__DIRECTIONS__. Go through the entries below and pick out every line with "limit".

__DATASET CONTENT__.
━━━━━━━━━━━━━━━━
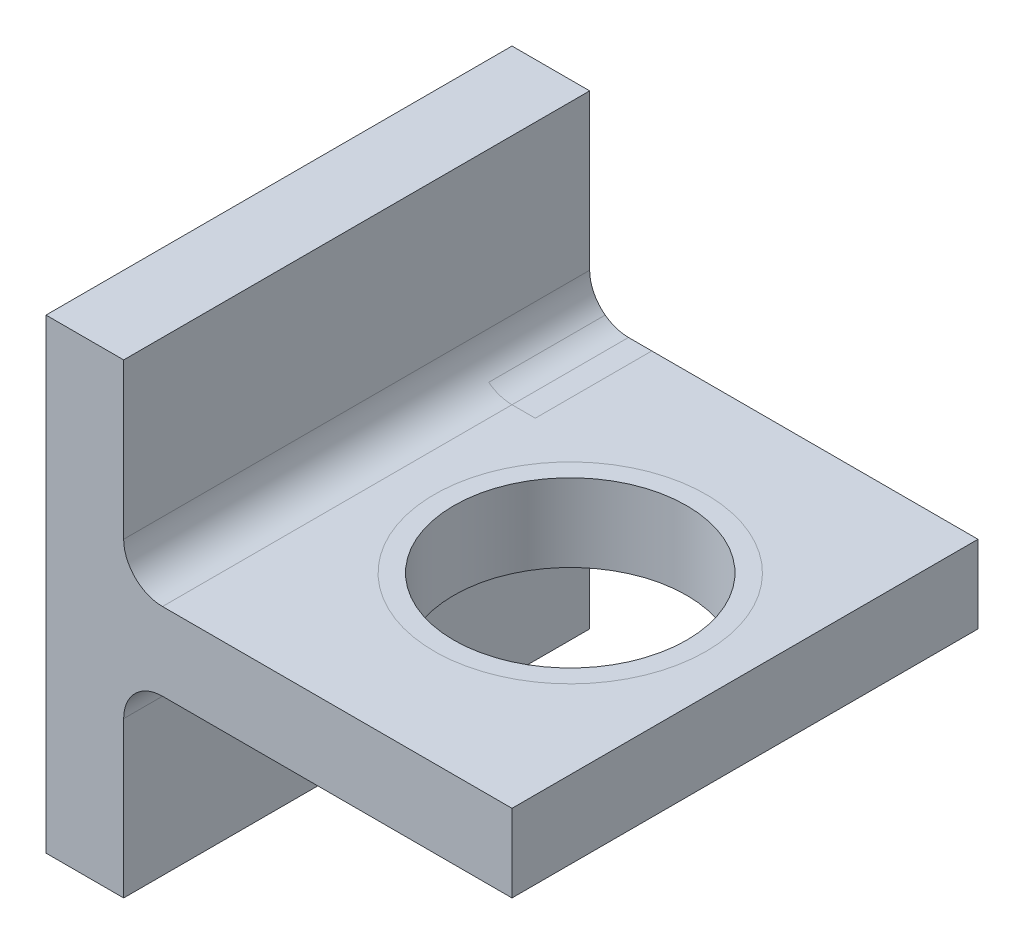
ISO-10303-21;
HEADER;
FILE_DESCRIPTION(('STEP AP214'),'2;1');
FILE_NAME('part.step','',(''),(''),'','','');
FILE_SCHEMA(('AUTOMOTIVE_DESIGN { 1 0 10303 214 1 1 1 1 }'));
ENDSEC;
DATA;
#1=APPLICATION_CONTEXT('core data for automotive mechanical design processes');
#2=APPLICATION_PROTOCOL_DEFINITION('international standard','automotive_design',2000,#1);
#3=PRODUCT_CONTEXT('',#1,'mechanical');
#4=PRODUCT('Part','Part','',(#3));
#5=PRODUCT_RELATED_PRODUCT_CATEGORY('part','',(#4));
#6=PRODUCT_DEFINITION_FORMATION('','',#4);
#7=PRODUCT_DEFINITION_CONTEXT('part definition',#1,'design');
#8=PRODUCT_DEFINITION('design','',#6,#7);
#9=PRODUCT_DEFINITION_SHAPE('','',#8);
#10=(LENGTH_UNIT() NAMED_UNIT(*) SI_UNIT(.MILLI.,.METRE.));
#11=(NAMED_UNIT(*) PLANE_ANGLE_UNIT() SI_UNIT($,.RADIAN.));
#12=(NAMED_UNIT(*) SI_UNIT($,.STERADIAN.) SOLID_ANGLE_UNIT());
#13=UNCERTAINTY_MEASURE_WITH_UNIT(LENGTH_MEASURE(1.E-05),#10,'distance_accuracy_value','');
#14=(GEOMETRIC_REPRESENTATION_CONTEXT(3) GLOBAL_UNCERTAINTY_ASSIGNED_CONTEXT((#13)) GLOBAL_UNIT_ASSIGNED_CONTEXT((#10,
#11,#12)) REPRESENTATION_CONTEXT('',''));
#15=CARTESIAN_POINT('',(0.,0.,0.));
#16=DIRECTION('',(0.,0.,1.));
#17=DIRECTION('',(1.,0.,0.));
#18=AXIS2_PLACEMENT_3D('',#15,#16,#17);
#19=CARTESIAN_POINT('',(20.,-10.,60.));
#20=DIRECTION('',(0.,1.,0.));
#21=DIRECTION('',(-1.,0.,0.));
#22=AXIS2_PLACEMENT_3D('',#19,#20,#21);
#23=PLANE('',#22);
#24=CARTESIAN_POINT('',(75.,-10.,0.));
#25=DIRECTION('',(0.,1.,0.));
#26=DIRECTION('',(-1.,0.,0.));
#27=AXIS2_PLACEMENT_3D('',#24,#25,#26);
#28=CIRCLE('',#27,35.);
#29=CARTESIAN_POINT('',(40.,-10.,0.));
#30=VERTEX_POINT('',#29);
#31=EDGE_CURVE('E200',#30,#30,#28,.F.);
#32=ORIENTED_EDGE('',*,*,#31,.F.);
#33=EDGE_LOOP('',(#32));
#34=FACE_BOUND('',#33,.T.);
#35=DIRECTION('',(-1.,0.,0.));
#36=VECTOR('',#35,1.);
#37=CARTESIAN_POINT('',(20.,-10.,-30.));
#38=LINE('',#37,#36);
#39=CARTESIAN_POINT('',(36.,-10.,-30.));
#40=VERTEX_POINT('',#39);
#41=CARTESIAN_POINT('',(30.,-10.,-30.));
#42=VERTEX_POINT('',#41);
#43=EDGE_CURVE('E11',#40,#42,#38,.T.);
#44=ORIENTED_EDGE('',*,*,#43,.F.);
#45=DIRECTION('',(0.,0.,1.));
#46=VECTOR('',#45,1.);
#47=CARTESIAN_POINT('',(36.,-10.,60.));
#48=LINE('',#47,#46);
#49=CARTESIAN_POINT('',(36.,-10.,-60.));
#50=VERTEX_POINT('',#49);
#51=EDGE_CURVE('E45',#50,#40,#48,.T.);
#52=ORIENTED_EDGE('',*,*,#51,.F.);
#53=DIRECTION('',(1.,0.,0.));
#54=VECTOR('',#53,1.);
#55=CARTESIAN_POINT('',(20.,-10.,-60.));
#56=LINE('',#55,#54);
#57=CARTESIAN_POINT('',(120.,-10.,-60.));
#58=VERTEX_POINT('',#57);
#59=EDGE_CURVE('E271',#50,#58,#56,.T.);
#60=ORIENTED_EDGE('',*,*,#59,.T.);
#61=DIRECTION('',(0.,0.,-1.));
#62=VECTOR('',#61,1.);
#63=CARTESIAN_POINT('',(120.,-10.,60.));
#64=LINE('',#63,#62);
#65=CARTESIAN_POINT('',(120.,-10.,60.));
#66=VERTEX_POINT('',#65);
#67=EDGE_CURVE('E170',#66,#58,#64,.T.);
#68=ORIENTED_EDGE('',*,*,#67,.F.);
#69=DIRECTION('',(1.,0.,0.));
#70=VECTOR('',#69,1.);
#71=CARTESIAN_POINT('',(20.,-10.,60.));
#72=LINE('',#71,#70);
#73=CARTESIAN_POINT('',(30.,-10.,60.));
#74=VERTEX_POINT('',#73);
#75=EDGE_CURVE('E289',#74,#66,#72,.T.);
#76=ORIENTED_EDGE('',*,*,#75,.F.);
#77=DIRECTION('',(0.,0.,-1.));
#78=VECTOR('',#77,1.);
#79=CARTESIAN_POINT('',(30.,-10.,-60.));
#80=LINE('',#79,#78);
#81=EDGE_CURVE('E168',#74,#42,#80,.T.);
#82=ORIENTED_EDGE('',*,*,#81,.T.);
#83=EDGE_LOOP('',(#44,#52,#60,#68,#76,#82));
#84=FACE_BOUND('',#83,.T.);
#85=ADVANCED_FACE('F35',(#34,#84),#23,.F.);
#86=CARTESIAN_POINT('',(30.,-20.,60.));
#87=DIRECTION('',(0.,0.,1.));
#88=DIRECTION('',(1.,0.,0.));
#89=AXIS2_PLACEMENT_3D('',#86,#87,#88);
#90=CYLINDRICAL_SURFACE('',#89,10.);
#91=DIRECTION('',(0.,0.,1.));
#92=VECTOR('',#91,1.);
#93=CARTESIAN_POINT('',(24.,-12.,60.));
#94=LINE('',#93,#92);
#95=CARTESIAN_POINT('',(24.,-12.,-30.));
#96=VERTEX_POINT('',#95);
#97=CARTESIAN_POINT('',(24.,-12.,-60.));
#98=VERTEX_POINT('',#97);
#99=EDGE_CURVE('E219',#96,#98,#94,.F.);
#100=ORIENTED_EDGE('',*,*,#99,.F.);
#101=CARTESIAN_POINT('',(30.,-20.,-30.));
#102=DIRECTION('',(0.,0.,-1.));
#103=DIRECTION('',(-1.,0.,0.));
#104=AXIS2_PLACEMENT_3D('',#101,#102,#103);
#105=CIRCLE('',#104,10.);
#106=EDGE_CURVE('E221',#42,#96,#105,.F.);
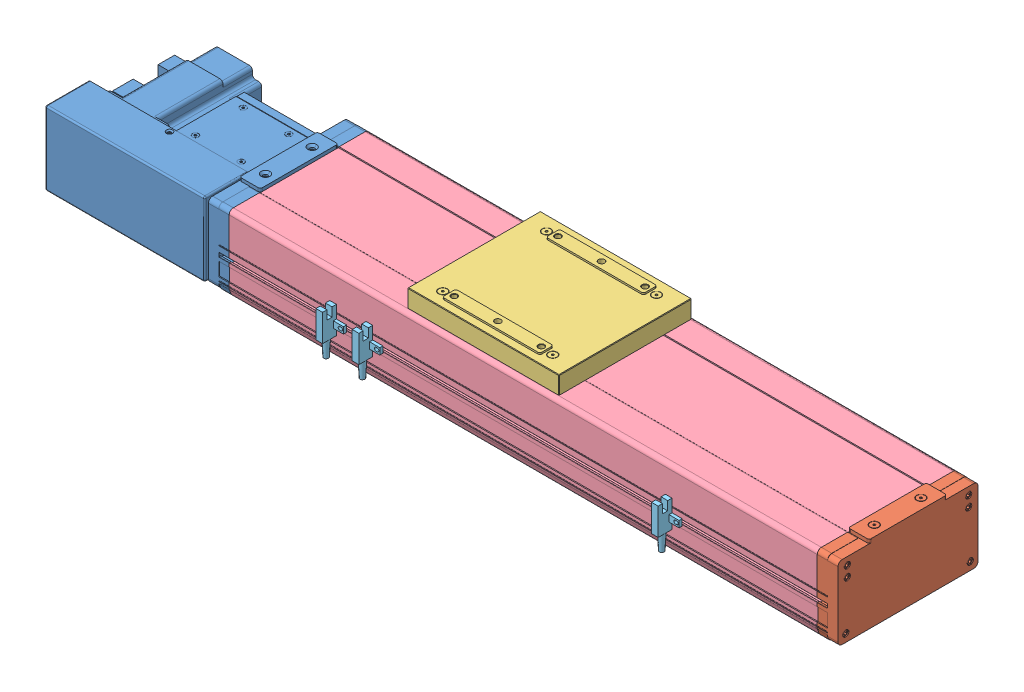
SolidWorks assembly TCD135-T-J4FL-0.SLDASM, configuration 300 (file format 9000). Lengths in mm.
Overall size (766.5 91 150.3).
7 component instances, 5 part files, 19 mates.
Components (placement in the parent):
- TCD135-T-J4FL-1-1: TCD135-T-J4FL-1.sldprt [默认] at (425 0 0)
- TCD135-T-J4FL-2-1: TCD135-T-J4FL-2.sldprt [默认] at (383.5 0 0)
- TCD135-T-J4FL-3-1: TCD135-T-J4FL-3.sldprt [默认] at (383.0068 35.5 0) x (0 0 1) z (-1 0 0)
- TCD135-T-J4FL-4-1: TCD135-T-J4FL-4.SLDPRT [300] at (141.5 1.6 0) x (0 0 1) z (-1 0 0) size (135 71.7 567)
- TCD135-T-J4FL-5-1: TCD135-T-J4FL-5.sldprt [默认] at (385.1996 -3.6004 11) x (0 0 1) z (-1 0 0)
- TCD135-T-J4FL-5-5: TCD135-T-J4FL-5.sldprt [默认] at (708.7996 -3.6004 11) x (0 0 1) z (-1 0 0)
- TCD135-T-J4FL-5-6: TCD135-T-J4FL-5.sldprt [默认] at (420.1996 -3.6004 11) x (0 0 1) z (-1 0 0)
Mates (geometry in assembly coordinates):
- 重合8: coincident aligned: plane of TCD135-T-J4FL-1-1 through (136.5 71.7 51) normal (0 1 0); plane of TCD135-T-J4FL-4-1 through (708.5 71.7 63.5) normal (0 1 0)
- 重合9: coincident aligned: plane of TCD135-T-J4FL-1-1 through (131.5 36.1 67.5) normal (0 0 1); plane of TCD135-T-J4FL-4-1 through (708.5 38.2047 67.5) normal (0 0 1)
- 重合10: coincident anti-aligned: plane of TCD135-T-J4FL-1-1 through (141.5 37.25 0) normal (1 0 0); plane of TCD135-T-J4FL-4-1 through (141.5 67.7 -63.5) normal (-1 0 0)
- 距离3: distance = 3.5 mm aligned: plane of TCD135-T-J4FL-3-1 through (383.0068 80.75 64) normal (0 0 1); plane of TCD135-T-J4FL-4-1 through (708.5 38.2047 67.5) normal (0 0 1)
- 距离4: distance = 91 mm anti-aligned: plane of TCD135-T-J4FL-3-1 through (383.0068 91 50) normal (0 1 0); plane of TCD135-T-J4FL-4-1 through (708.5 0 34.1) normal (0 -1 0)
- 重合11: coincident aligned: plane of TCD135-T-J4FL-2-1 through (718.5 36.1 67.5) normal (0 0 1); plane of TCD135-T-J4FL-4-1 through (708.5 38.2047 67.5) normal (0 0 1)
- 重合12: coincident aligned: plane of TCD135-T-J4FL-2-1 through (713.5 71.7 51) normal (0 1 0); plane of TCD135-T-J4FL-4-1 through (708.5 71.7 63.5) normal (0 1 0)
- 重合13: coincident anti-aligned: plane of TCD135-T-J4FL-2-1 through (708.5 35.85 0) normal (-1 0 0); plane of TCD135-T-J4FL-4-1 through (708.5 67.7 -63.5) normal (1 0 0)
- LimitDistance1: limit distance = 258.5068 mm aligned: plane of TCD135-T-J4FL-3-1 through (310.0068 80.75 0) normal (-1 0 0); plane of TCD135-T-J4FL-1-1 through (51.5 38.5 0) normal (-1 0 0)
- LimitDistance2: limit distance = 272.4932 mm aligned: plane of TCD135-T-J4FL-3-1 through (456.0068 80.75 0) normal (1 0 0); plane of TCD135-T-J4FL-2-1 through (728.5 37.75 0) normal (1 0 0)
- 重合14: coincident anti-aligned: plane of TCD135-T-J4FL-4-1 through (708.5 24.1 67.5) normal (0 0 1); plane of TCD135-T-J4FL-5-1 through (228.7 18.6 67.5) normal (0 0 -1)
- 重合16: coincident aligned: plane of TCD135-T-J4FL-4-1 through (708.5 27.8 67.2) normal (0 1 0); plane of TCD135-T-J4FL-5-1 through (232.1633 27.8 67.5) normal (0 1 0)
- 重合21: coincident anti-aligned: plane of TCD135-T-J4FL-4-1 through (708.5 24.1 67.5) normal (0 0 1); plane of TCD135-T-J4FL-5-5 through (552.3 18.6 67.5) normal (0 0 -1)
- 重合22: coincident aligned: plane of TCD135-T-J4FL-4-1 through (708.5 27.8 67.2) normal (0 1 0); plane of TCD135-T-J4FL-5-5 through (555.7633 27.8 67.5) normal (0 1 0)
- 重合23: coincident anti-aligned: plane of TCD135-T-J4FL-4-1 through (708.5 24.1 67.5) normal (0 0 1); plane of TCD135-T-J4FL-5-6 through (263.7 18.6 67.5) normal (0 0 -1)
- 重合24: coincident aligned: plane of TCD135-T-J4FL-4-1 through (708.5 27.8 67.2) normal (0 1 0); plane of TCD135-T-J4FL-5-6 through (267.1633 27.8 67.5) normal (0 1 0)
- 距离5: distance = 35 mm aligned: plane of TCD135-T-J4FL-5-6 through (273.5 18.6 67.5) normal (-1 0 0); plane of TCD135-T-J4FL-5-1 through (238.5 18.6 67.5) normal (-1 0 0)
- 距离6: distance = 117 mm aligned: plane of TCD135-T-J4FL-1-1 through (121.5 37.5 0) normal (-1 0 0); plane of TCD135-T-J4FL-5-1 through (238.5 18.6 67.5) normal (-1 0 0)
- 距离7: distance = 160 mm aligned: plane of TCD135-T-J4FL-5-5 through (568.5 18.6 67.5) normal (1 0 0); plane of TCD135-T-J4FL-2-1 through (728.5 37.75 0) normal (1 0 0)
━━━━━━━━━━━━━━━━
__ANSWER__.
- LimitDistance1: limit distance = 258.5068 mm aligned: plane of TCD135-T-J4FL-3-1 through (310.0068 80.75 0) normal (-1 0 0); plane of TCD135-T-J4FL-1-1 through (51.5 38.5 0) normal (-1 0 0)
- LimitDistance2: limit distance = 272.4932 mm aligned: plane of TCD135-T-J4FL-3-1 through (456.0068 80.75 0) normal (1 0 0); plane of TCD135-T-J4FL-2-1 through (728.5 37.75 0) normal (1 0 0)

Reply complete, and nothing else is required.